New methods used to accurately determine water and hydrocarbon saturation profile, hydrocarbon typing & reservoir extent (connectivity) in real time by using acquired insitu water salinity measurement downhole and measured hydrocarbon optical density from formation testers.
The uncertainties present from water salinity (Rw) values from nearby wells (due to vertical & aerial variations) may compute inaccurate hydrocarbon saturations when input in Archie's based fluid saturation model, which affects the hydrocarbon in place calculations. Also, relying only on pressure measurement for connectivity assessment & reservoir extent using Vertical Interference Testing (VIT) may sometimes be misleading & inconclusive due to supercharging in low permeability & low pressure contrast in high permeability which affects the field development plans. Therefore, the new methodology is introduced to overcome these challenges.
Firstly, the downhole water salinity is measured in a water zone at the bottom of the reservoir while pumping out using formation tester after achieving clean-out (negligible contamination). The values were input into the initial petrophysical model to recompute the new fluid saturation which was confirmed by pump-out fluid fractions from other zones.

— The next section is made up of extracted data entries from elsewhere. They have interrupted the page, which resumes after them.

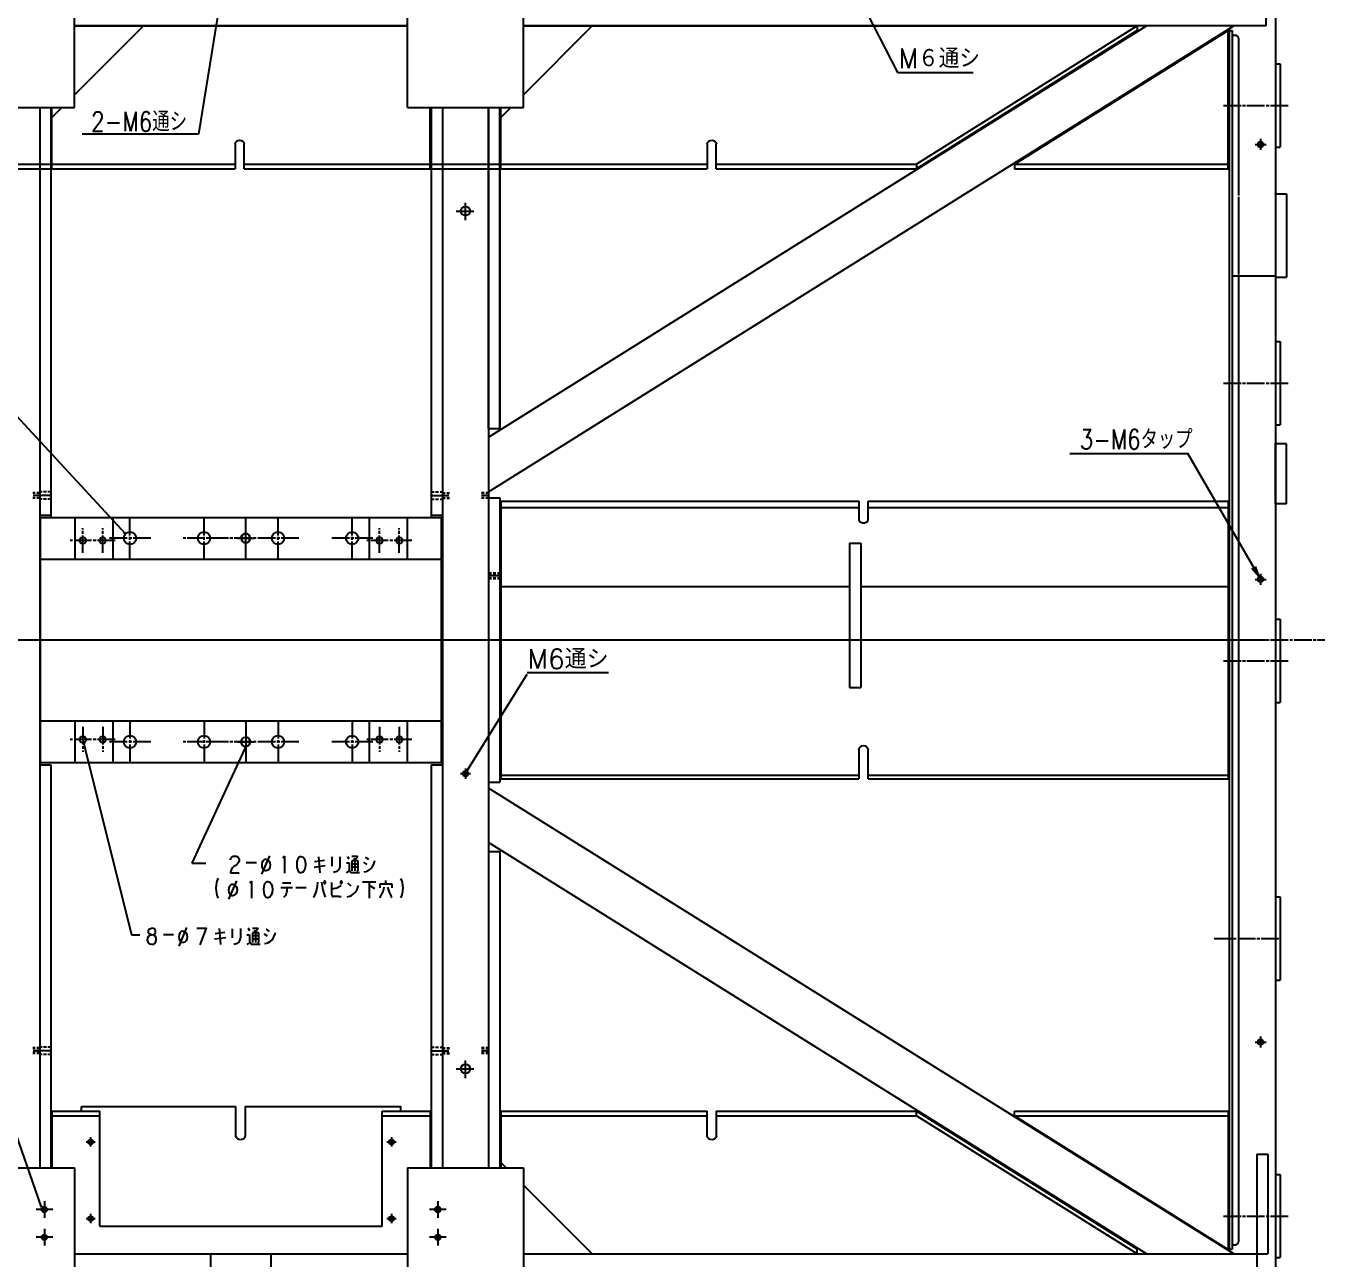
# Model space of a CAD drawing. Header units: inches. Extents: x -3309 to 2472, y -3154 to 2252.
# Drawn here: x -292 to 1112, y -1949 to -616 of the extents above; entities that cross this region are included whole.
import ezdxf
from ezdxf.enums import TextEntityAlignment as Align

# ---------------------------------------------------------------- set-up
doc = ezdxf.new("R2010")
doc.units = ezdxf.units.IN
doc.header["$MEASUREMENT"] = 0
for name, pattern in [('CENTERLINE', [25.4, 19.05, -1.5875, 3.175, -1.5875]), ('DASHED', [4.7625, 3.175, -1.5875]), ('SOLID', [0])]:
    doc.linetypes.add(name, pattern=pattern)
for name, color, linetype in [('0$C$L0$V_DRAWING', 7, 'SOLID'), ('0$C$L0$V_PV', 7, 'SOLID'), ('Layer11$C$L11$V_DRAWING', 52, 'SOLID'), ('Layer11$C$L11$V_PV', 52, 'SOLID'), ('Layer12$C$L12$V_PV', 52, 'SOLID'), ('Layer13$C$L13$V_PV', 52, 'SOLID'), ('Layer21$C$L21$V_DRAWING', 2, 'SOLID'), ('Layer21$C$L21$V_PV', 2, 'SOLID'), ('Layer8$C$L8$V_PV', 40, 'SOLID'), ('Layer9$C$L9$V_PV', 254, 'SOLID')]:
    doc.layers.add(name, color=color, linetype=linetype)
doc.styles.add('CADRASTD', font='txt', dxfattribs={"bigfont": 'bigfont'})
doc.dimstyles.new('DIM3', dxfattribs={"dimtxt": 0.156, "dimasz": 2, "dimexe": 0, "dimexo": 0, "dimgap": 0.078, "dimtad": 3, "dimzin": 0, "dimdsep": 46, "dimtxsty": 'CADRASTD', "dimblk": 'CADRA_ARROW22_5OPEN', "dimblk1": 'CADRA_ARROW22_5OPEN', "dimblk2": 'CADRA_ARROW22_5OPEN', "dimcen": 0.09, "dimaunit": 1, "dimadec": 17154, "dimazin": 0, "dimtfac": 1, "dimtofl": 0, "dimtmove": 0, "dimatfit": 3, "dimldrblk": 'CADRA_ARROW22_5OPEN', "dimfxl": 1, "dimtolj": 1, "dimtzin": 0, "dimarcsym": 0})

# ---------------------------------------------------------------- blocks, each defined once
blk = doc.blocks.new('BLOCK16')
at = {"layer": '0$C$L0$V_DRAWING'}
for p in [(0, 0), (1, 0)]:
    blk.add_point(p, dxfattribs=at)
at = {"layer": 'Layer12$C$L12$V_PV', "linetype": 'DASHED'}
for p, q in [((0, 4), (12, 4)), ((12, 3), (19.6, 3)), ((12, 2.4), (19.6, 2.4)), ((0, -4), (12, -4)), ((12, -2.4), (19.6, -2.4)), ((12, -3), (19.6, -3))]:
    blk.add_line(p, q, dxfattribs=at)
at = {"layer": 'Layer13$C$L13$V_PV', "linetype": 'CENTERLINE'}
blk.add_line((0, 0), (19.6, 0), dxfattribs=at)
blk = doc.blocks.new('BLOCK15')
at = {"layer": '0$C$L0$V_DRAWING'}
for p in [(0, 0), (1, 0)]:
    blk.add_point(p, dxfattribs=at)
at = {"layer": 'Layer12$C$L12$V_PV', "linetype": 'DASHED'}
for p, q in [((485, 446.9), (477.4, 446.9)), ((485, 446.3), (477.4, 446.3)), ((485, 441.5), (477.4, 441.5)), ((485, 440.9), (477.4, 440.9)), ((485, -153.1), (477.4, -153.1)), ((485, -153.7), (477.4, -153.7)), ((485, -158.5), (477.4, -158.5)), ((485, -159.1), (477.4, -159.1))]:
    blk.add_line(p, q, dxfattribs=at)
at = {"layer": 'Layer13$C$L13$V_PV', "linetype": 'CENTERLINE'}
for p, q in [((485, 443.9), (477.4, 443.9)), ((485, -156.1), (477.4, -156.1))]:
    blk.add_line(p, q, dxfattribs=at)
at = {"layer": '0$C$L0$V_DRAWING', "rotation": 180.0000000000004}
for p in [(12, 443.9), (12, -156.1)]:
    blk.add_blockref('BLOCK16', p, dxfattribs=at)
at = {"layer": '0$C$L0$V_DRAWING', "yscale": -1}
for p in [(423, 443.9), (423, -156.1)]:
    blk.add_blockref('BLOCK16', p, dxfattribs=at)
blk = doc.blocks.new('BLOCK26')
at = {"layer": '0$C$L0$V_DRAWING', "color": 2}
for p, q in [((2026, 1199.3), (2026, 1167.7)), ((2036, 1167.7), (2036, 1199.3)), ((2535, 1199.3), (2535, 1172.7)), ((2545, 1172.7), (2545, 1199.3)), ((2699, 782.1), (2699, 813.6)), ((2709, 813.6), (2709, 782.1)), ((2699, 513.5), (2699, 533.5)), ((2709, 533.5), (2709, 513.5)), ((2025, 127.7), (2025, 154.3)), ((2035, 154.3), (2035, 127.7)), ((2535, 127.7), (2535, 154.3)), ((2545, 154.3), (2545, 127.7))]:
    blk.add_line(p, q, dxfattribs=at)
for points in [[(2699, 533.5), (2699.1, 534.1), (2699.4, 534.8), (2699.8, 535.3), (2700.5, 535.8), (2701.2, 536.3), (2702.1, 536.6), (2703, 536.8), (2704, 536.8)], [(2704, 536.8), (2705, 536.8), (2705.9, 536.6), (2706.8, 536.3), (2707.5, 535.8), (2708.2, 535.3), (2708.6, 534.8), (2708.9, 534.1), (2709, 533.5)]]:
    blk.add_lwpolyline(points, dxfattribs=at)
for centre, radius, start, end in [((2030.6, 1198.9), 4.63, 85.1497, 174.1455), ((2031.4, 1198.9), 4.63, 5.8545, 94.8503), ((2539.6, 1198.9), 4.63, 85.1493, 174.1459), ((2540.4, 1198.9), 4.63, 5.8541, 94.8508), ((2703.8, 782.4), 4.78, 183.0719, 272.7731), ((2704.2, 782.4), 4.78, 267.2268, 356.9282), ((2029.6, 128.1), 4.63, 185.8547, 274.8492), ((2030.4, 128.1), 4.63, 265.1508, 354.1453), ((2539.6, 128.1), 4.63, 185.8549, 274.849), ((2540.4, 128.1), 4.63, 265.1508, 354.1451)]:
    blk.add_arc(centre, radius, start, end, dxfattribs=at)
blk = doc.blocks.new('BLOCK27')
at = {"layer": '0$C$L0$V_DRAWING'}
for p in [(0, 0), (0, 0), (0, 0), (1, 0), (1, 0)]:
    blk.add_point(p, dxfattribs=at)
at = {"layer": 'Layer11$C$L11$V_DRAWING', "color": 52}
for centre in [(-430, -542.4), (-105, -542.4), (-430, -625.3), (-105, -625.3)]:
    blk.add_ellipse(centre, major_axis=(3, 0), ratio=0.828308, dxfattribs=at)
at = {"layer": 'Layer12$C$L12$V_PV', "color": 52, "linetype": 'DASHED'}
for p, q in [((810, 483.5), (810, 479)), ((810, 398), (810, 393.5))]:
    blk.add_line(p, q, dxfattribs=at)
at = {"layer": 'Layer12$C$L12$V_PV', "linetype": 'DASHED'}
for p, q in [((0, 72.5), (12, 72.5)), ((0, 72), (12, 72)), ((0, 67), (12, 67)), ((0, 66.5), (12, 66.5))]:
    blk.add_line(p, q, dxfattribs=at)
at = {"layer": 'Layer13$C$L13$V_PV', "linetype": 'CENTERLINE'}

Secondly, the optical density measurement from the spectroscopy was used to confirm the vertical connectivity though Reservoir Fluid Geodynamics & indicating a compositional gradient in real time in an oil column. This was done by constructing Flory-Huggins-Zuo (FHZ) Equation of State model and identifying asphaltene molecular size from optical density gradient.
These two methods will bring accurate & reliable results compared to conventional methods which has some uncertainties impacting evaluation & reservoir understanding. Secondly, will help in optimizing sampling & downhole fluid analysis programs which eventually saves cost & time & CO2 emissions. Thirdly, Optical Density gradient analysis can be also used for flow assurance prediction.